[Problem requirements]:
Please retype the records below exactly, from the first line down to and including the line with "#18=AXIS2_PLACEMENT_3D('',#15,#16,#17);".

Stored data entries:
_____

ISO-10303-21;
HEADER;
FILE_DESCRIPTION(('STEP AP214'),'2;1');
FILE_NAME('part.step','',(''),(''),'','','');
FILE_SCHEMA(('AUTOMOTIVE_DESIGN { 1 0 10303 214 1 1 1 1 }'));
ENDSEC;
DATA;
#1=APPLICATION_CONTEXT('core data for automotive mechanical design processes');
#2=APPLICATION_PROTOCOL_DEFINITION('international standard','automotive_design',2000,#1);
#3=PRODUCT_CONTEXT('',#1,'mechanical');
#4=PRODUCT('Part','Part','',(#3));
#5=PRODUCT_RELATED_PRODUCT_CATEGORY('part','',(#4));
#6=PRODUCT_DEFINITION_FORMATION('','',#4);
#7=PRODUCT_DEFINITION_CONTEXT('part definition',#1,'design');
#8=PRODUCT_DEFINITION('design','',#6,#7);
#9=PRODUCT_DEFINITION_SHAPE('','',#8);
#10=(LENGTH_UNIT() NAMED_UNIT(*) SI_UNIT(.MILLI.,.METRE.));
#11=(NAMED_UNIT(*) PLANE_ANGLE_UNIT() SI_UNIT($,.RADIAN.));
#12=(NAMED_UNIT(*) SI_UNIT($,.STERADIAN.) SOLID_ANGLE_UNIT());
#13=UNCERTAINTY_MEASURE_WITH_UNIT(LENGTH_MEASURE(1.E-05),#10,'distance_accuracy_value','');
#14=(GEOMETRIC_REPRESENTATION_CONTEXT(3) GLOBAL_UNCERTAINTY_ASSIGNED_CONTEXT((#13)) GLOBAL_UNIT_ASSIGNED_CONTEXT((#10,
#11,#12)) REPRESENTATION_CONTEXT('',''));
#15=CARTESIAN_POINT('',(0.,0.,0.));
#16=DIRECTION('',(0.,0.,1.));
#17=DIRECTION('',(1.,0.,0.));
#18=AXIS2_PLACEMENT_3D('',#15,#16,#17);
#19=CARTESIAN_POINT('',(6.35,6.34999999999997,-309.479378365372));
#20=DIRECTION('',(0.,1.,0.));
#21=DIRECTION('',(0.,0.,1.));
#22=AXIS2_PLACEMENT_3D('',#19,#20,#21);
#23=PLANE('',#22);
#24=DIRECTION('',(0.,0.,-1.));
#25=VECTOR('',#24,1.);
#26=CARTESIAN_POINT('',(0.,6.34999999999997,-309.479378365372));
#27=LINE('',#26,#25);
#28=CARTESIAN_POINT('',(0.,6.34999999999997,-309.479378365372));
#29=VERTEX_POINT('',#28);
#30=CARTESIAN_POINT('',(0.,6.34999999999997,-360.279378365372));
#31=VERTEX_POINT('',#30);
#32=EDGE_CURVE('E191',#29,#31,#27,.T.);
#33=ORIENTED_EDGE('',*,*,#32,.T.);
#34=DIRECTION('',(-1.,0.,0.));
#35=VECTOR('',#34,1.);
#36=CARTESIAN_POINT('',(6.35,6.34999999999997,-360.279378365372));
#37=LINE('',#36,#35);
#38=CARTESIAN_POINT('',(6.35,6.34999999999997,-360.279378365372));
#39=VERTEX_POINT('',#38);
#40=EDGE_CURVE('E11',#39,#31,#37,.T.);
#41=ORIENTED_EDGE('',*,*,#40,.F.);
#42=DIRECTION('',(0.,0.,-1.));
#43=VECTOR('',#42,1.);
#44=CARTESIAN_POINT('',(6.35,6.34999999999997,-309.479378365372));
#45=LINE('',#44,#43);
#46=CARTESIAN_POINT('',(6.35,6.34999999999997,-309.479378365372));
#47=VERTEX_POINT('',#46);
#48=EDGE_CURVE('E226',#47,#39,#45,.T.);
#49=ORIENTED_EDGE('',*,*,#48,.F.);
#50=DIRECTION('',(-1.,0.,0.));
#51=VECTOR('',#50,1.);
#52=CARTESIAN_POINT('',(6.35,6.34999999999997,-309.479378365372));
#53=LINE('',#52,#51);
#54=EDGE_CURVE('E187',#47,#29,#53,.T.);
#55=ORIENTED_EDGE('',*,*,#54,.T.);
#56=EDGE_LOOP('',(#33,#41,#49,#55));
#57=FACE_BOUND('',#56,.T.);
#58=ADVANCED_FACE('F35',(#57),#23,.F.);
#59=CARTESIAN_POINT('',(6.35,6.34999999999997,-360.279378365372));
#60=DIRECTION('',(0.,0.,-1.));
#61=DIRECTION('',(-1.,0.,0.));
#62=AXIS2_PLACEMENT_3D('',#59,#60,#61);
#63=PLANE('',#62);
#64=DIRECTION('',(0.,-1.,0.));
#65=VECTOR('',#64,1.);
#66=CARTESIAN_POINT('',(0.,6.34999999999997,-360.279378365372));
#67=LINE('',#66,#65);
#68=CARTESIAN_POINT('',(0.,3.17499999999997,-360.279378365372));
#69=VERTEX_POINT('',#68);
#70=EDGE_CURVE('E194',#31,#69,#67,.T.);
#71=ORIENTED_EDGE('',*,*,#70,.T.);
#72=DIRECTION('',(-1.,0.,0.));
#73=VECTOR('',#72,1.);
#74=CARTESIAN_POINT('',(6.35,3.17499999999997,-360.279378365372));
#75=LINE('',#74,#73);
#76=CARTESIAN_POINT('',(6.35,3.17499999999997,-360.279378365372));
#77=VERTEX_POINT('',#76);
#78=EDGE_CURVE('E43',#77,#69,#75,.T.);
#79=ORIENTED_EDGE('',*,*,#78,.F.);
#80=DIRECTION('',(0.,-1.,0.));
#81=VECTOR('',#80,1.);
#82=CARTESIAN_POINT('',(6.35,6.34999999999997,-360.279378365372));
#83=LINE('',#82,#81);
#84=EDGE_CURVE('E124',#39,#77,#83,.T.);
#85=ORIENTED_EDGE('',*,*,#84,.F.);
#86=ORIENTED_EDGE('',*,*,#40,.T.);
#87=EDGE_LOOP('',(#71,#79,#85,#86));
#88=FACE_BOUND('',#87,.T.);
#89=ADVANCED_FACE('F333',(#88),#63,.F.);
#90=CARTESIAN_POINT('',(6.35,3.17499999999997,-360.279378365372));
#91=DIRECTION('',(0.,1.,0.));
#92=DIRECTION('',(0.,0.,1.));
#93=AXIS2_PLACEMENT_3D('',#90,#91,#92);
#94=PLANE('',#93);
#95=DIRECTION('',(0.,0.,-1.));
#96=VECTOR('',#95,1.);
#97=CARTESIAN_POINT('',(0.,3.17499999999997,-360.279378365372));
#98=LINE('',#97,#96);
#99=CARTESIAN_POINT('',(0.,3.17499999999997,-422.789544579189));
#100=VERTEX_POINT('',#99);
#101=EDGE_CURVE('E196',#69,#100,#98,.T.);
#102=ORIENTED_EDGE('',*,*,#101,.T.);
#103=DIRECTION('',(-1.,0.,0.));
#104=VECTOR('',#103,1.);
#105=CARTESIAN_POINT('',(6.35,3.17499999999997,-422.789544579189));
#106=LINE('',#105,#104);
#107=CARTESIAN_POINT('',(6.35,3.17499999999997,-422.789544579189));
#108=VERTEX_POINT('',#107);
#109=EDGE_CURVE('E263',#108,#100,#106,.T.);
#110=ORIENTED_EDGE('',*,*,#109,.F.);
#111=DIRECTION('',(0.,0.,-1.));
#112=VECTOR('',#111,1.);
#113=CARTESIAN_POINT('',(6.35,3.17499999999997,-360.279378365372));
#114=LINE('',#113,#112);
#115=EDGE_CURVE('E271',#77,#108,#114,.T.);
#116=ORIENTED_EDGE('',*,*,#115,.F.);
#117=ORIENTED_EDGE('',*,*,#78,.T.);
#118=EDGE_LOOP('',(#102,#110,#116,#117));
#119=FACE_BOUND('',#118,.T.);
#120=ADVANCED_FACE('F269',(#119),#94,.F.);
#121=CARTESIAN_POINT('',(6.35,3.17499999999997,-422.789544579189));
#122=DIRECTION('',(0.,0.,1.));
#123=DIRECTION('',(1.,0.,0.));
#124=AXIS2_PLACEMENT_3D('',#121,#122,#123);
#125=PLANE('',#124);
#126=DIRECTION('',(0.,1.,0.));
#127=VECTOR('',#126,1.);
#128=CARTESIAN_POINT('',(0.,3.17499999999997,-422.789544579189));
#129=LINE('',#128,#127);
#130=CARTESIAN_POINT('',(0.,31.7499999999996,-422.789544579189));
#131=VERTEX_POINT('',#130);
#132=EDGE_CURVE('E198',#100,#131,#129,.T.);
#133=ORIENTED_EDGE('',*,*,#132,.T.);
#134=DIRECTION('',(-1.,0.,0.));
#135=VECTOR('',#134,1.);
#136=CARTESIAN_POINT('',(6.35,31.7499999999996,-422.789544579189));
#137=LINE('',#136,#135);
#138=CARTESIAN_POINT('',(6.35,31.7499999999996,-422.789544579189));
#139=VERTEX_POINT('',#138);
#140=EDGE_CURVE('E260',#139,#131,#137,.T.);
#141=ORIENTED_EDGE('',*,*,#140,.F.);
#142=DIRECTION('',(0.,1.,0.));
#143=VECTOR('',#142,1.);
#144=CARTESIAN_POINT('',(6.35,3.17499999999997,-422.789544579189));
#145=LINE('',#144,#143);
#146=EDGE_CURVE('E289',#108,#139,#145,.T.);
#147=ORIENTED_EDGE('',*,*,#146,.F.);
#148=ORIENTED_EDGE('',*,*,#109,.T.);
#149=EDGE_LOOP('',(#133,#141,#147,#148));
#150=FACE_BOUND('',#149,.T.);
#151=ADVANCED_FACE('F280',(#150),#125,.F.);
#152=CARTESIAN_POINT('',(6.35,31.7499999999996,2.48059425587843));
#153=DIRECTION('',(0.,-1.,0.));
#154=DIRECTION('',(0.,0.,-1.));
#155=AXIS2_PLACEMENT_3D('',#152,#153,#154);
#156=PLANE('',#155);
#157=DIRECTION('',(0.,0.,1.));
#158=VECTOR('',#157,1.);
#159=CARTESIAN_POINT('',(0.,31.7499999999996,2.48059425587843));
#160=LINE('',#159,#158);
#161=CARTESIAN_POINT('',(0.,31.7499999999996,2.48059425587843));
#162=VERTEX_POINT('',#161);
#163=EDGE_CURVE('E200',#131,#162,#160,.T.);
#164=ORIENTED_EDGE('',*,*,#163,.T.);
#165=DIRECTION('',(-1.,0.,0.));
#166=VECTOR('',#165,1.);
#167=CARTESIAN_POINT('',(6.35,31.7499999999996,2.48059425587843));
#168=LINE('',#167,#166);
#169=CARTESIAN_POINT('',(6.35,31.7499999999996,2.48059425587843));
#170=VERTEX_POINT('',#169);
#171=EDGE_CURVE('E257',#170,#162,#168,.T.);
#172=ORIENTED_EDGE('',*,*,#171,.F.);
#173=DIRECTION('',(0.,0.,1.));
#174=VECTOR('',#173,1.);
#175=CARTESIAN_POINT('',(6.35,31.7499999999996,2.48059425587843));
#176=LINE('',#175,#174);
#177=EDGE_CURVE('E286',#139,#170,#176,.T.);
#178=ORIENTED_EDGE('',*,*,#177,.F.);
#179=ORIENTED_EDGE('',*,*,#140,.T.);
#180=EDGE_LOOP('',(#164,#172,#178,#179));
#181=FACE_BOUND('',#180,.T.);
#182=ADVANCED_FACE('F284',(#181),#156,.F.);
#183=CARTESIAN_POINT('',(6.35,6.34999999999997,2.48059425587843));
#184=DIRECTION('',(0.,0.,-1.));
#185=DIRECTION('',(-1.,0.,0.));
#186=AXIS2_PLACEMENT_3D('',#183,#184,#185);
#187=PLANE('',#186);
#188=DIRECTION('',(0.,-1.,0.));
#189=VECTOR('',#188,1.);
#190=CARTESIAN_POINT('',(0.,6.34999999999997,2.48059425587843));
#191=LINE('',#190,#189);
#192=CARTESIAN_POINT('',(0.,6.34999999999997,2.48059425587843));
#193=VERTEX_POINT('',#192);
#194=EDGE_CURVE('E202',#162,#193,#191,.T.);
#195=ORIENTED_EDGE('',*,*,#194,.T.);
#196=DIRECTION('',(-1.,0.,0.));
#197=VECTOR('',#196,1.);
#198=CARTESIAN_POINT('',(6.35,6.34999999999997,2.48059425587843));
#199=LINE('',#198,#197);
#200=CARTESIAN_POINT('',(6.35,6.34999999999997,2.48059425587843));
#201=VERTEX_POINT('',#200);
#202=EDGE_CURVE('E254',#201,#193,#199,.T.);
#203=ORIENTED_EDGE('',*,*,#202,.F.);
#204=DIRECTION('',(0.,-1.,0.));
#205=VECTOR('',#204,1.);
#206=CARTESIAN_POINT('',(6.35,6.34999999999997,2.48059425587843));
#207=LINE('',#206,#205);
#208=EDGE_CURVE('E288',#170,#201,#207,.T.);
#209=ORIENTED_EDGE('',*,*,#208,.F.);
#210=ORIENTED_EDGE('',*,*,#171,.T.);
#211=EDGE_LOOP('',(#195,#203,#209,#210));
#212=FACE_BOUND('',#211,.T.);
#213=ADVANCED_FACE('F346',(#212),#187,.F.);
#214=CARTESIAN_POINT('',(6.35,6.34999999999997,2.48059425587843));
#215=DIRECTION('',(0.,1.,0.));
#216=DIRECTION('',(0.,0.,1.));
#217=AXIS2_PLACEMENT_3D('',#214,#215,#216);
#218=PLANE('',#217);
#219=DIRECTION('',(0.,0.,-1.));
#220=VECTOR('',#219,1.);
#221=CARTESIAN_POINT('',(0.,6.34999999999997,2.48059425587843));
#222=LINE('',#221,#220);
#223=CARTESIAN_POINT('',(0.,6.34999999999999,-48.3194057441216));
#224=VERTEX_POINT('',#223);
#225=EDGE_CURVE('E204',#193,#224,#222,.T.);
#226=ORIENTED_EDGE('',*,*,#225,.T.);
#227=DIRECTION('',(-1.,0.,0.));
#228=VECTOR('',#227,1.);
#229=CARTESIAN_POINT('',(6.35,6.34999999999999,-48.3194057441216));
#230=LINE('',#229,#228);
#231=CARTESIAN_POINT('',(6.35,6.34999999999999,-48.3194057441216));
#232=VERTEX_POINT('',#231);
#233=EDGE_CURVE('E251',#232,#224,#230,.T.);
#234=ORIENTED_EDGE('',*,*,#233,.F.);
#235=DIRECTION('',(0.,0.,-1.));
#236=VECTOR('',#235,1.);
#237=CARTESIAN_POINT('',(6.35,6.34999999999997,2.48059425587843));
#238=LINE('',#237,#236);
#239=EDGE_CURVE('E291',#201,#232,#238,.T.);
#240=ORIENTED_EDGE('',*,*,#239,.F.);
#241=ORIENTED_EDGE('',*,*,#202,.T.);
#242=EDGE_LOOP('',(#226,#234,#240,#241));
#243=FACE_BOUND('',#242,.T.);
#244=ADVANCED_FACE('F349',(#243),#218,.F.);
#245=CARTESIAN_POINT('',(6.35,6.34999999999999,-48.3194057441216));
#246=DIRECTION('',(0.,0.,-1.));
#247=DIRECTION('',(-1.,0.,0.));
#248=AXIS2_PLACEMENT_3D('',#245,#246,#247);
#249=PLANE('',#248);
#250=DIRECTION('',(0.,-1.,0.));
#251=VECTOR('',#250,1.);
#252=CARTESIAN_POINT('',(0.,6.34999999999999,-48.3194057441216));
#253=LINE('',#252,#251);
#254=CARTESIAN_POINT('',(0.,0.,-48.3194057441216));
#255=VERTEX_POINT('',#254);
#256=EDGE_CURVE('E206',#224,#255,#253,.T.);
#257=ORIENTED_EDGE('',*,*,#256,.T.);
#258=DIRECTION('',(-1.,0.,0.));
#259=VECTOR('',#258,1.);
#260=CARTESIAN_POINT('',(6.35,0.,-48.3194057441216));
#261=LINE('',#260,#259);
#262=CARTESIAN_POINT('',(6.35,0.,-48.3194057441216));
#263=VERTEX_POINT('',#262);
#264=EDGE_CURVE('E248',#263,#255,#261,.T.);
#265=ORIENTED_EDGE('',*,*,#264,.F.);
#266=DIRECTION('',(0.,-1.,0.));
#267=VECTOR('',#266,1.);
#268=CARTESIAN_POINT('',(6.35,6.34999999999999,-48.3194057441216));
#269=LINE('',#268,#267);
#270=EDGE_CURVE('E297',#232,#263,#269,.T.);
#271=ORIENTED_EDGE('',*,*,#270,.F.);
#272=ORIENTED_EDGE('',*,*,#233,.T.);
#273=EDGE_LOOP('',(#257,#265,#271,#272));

_____

[Output for this exercise]:
ISO-10303-21;
HEADER;
FILE_DESCRIPTION(('STEP AP214'),'2;1');
FILE_NAME('part.step','',(''),(''),'','','');
FILE_SCHEMA(('AUTOMOTIVE_DESIGN { 1 0 10303 214 1 1 1 1 }'));
ENDSEC;
DATA;
#1=APPLICATION_CONTEXT('core data for automotive mechanical design processes');
#2=APPLICATION_PROTOCOL_DEFINITION('international standard','automotive_design',2000,#1);
#3=PRODUCT_CONTEXT('',#1,'mechanical');
#4=PRODUCT('Part','Part','',(#3));
#5=PRODUCT_RELATED_PRODUCT_CATEGORY('part','',(#4));
#6=PRODUCT_DEFINITION_FORMATION('','',#4);
#7=PRODUCT_DEFINITION_CONTEXT('part definition',#1,'design');
#8=PRODUCT_DEFINITION('design','',#6,#7);
#9=PRODUCT_DEFINITION_SHAPE('','',#8);
#10=(LENGTH_UNIT() NAMED_UNIT(*) SI_UNIT(.MILLI.,.METRE.));
#11=(NAMED_UNIT(*) PLANE_ANGLE_UNIT() SI_UNIT($,.RADIAN.));
#12=(NAMED_UNIT(*) SI_UNIT($,.STERADIAN.) SOLID_ANGLE_UNIT());
#13=UNCERTAINTY_MEASURE_WITH_UNIT(LENGTH_MEASURE(1.E-05),#10,'distance_accuracy_value','');
#14=(GEOMETRIC_REPRESENTATION_CONTEXT(3) GLOBAL_UNCERTAINTY_ASSIGNED_CONTEXT((#13)) GLOBAL_UNIT_ASSIGNED_CONTEXT((#10,
#11,#12)) REPRESENTATION_CONTEXT('',''));
#15=CARTESIAN_POINT('',(0.,0.,0.));
#16=DIRECTION('',(0.,0.,1.));
#17=DIRECTION('',(1.,0.,0.));
#18=AXIS2_PLACEMENT_3D('',#15,#16,#17);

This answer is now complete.